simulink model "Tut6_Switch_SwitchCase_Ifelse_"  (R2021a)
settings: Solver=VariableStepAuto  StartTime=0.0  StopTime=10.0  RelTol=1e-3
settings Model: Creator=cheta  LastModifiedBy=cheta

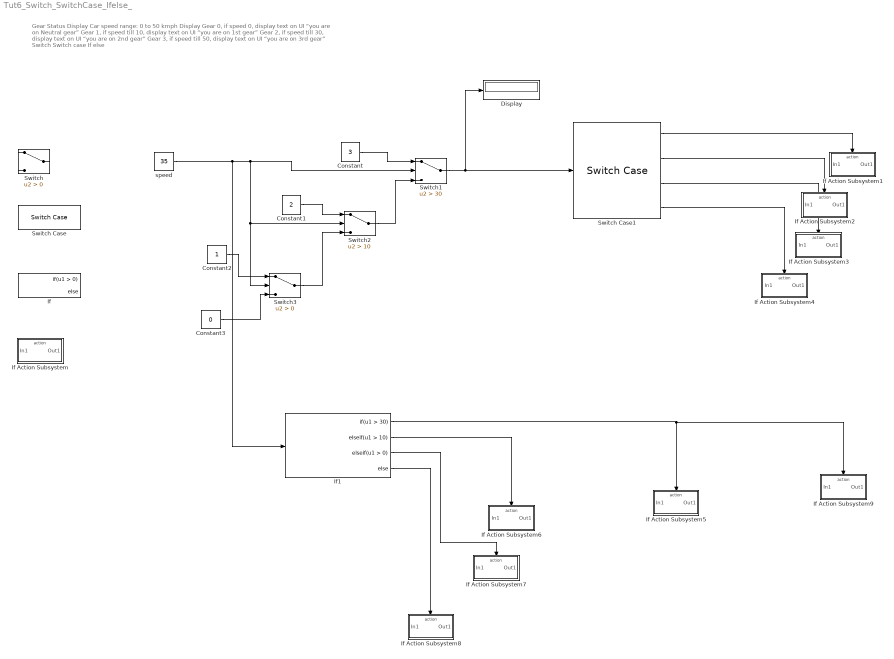
== system Tut6_Switch_SwitchCase_Ifelse_ ==
  note: Gear Status Display
      | Car speed range: 0 to 50 kmph
      | Display
      | Gear 0, if speed 0, display text on UI “you are on Neutral gear”
      | Gear 1, if speed till 10, display text on UI “you are on 1st gear”
      | Gear 2, if speed till 30, display text on UI “you are on 2nd gear”
      | Gear 3, if speed till 50, display text on UI “you are on 3rd gear”
      |
      | Switch
      | Switch case
      | If else
  Constant : Constant  Value=3
  Constant1 : Constant  Value=2
  Constant2 : Constant
  Constant3 : Constant  Value=0
  Display : Display
  If : If
  If Action Subsystem : Subsystem  TreatAsAtomicUnit=on
  If Action Subsystem1 : Subsystem  TreatAsAtomicUnit=on
  If Action Subsystem2 : Subsystem  TreatAsAtomicUnit=on
  If Action Subsystem3 : Subsystem  TreatAsAtomicUnit=on
  If Action Subsystem4 : Subsystem  TreatAsAtomicUnit=on
  If Action Subsystem5 : Subsystem  TreatAsAtomicUnit=on
  If Action Subsystem6 : Subsystem  TreatAsAtomicUnit=on
  If Action Subsystem7 : Subsystem  TreatAsAtomicUnit=on
  If Action Subsystem8 : Subsystem  TreatAsAtomicUnit=on
  If Action Subsystem9 : Subsystem  TreatAsAtomicUnit=on
  If1 : If  IfExpression=u1 > 30  ElseIfExpressions=u1 > 10, u1 > 0
  Switch : Switch  Criteria=u2 > Threshold
  Switch Case : SwitchCase
  Switch Case1 : SwitchCase  CaseConditions={3, 2, 1}
  Switch1 : Switch  Criteria=u2 > Threshold  Threshold=30
  Switch2 : Switch  Criteria=u2 > Threshold  Threshold=10
  Switch3 : Switch  Criteria=u2 > Threshold
  speed : Constant  Value=35
  wires:
  speed/1 -> If1/1, Switch3/2, Switch2/2, Switch1/2
  Constant/1 -> Switch1/1
  Constant1/1 -> Switch2/1
  Constant2/1 -> Switch3/1
  Constant3/1 -> Switch3/3
  Switch3/1 -> Switch2/3
  Switch2/1 -> Switch1/3
  Switch1/1 -> Display/1, Switch Case1/1
  Switch Case1/1 -> If Action Subsystem1/Action
  Switch Case1/2 -> If Action Subsystem2/Action
  Switch Case1/3 -> If Action Subsystem3/Action
  Switch Case1/4 -> If Action Subsystem4/Action
  If1/1 -> If Action Subsystem9/Action, If Action Subsystem5/Action
  If1/2 -> If Action Subsystem6/Action
  If1/3 -> If Action Subsystem7/Action
  If1/4 -> If Action Subsystem8/Action

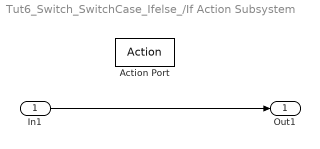
== system Tut6_Switch_SwitchCase_Ifelse_/If Action Subsystem ==
  In1 : Inport
  Action Port : ActionPort
  Out1 : Outport
  wires:
  In1/1 -> Out1/1

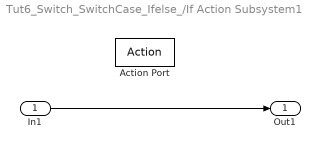
== system Tut6_Switch_SwitchCase_Ifelse_/If Action Subsystem1 ==
  In1 : Inport
  Action Port : ActionPort  ActionPortLabel=case [ 3 ]:
  Out1 : Outport
  wires:
  In1/1 -> Out1/1

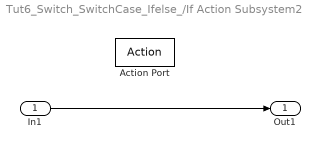
== system Tut6_Switch_SwitchCase_Ifelse_/If Action Subsystem2 ==
  In1 : Inport
  Action Port : ActionPort  ActionPortLabel=case [ 2 ]:
  Out1 : Outport
  wires:
  In1/1 -> Out1/1

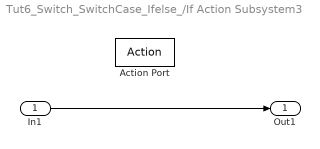
== system Tut6_Switch_SwitchCase_Ifelse_/If Action Subsystem3 ==
  In1 : Inport
  Action Port : ActionPort  ActionPortLabel=case [ 1 ]:
  Out1 : Outport
  wires:
  In1/1 -> Out1/1

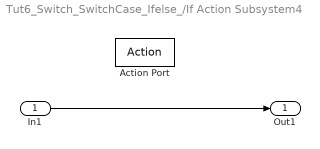
== system Tut6_Switch_SwitchCase_Ifelse_/If Action Subsystem4 ==
  In1 : Inport
  Action Port : ActionPort  ActionPortLabel=default:
  Out1 : Outport
  wires:
  In1/1 -> Out1/1

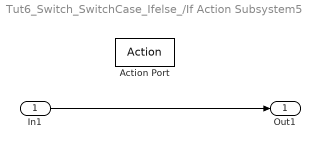
== system Tut6_Switch_SwitchCase_Ifelse_/If Action Subsystem5 ==
  In1 : Inport
  Action Port : ActionPort  ActionPortLabel=if(u1 > 30)
  Out1 : Outport
  wires:
  In1/1 -> Out1/1

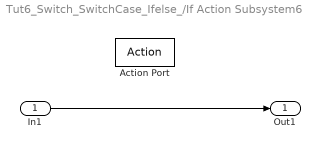
== system Tut6_Switch_SwitchCase_Ifelse_/If Action Subsystem6 ==
  In1 : Inport
  Action Port : ActionPort  ActionPortLabel=elseif(u1 > 10)
  Out1 : Outport
  wires:
  In1/1 -> Out1/1

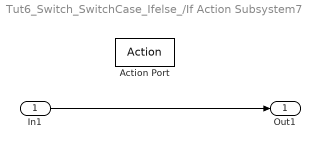
== system Tut6_Switch_SwitchCase_Ifelse_/If Action Subsystem7 ==
  In1 : Inport
  Action Port : ActionPort  ActionPortLabel=elseif( u1 > 0)
  Out1 : Outport
  wires:
  In1/1 -> Out1/1

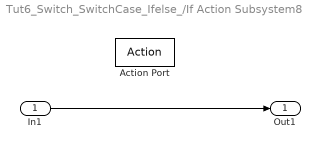
== system Tut6_Switch_SwitchCase_Ifelse_/If Action Subsystem8 ==
  In1 : Inport
  Action Port : ActionPort  ActionPortLabel=else
  Out1 : Outport
  wires:
  In1/1 -> Out1/1

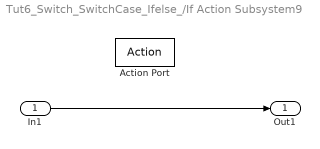
== system Tut6_Switch_SwitchCase_Ifelse_/If Action Subsystem9 ==
  In1 : Inport
  Action Port : ActionPort  ActionPortLabel=if(u1 > 30)
  Out1 : Outport
  wires:
  In1/1 -> Out1/1

What the exercise asks >> Using the listing above, return word for word each line from the one that has "Constant/1 -> Switch1/1" through the one that has "Switch Case1/4 ->", and no line outside that range.

Task output >>
  Constant/1 -> Switch1/1
  Constant1/1 -> Switch2/1
  Constant2/1 -> Switch3/1
  Constant3/1 -> Switch3/3
  Switch3/1 -> Switch2/3
  Switch2/1 -> Switch1/3
  Switch1/1 -> Display/1, Switch Case1/1
  Switch Case1/1 -> If Action Subsystem1/Action
  Switch Case1/2 -> If Action Subsystem2/Action
  Switch Case1/3 -> If Action Subsystem3/Action
  Switch Case1/4 -> If Action Subsystem4/Action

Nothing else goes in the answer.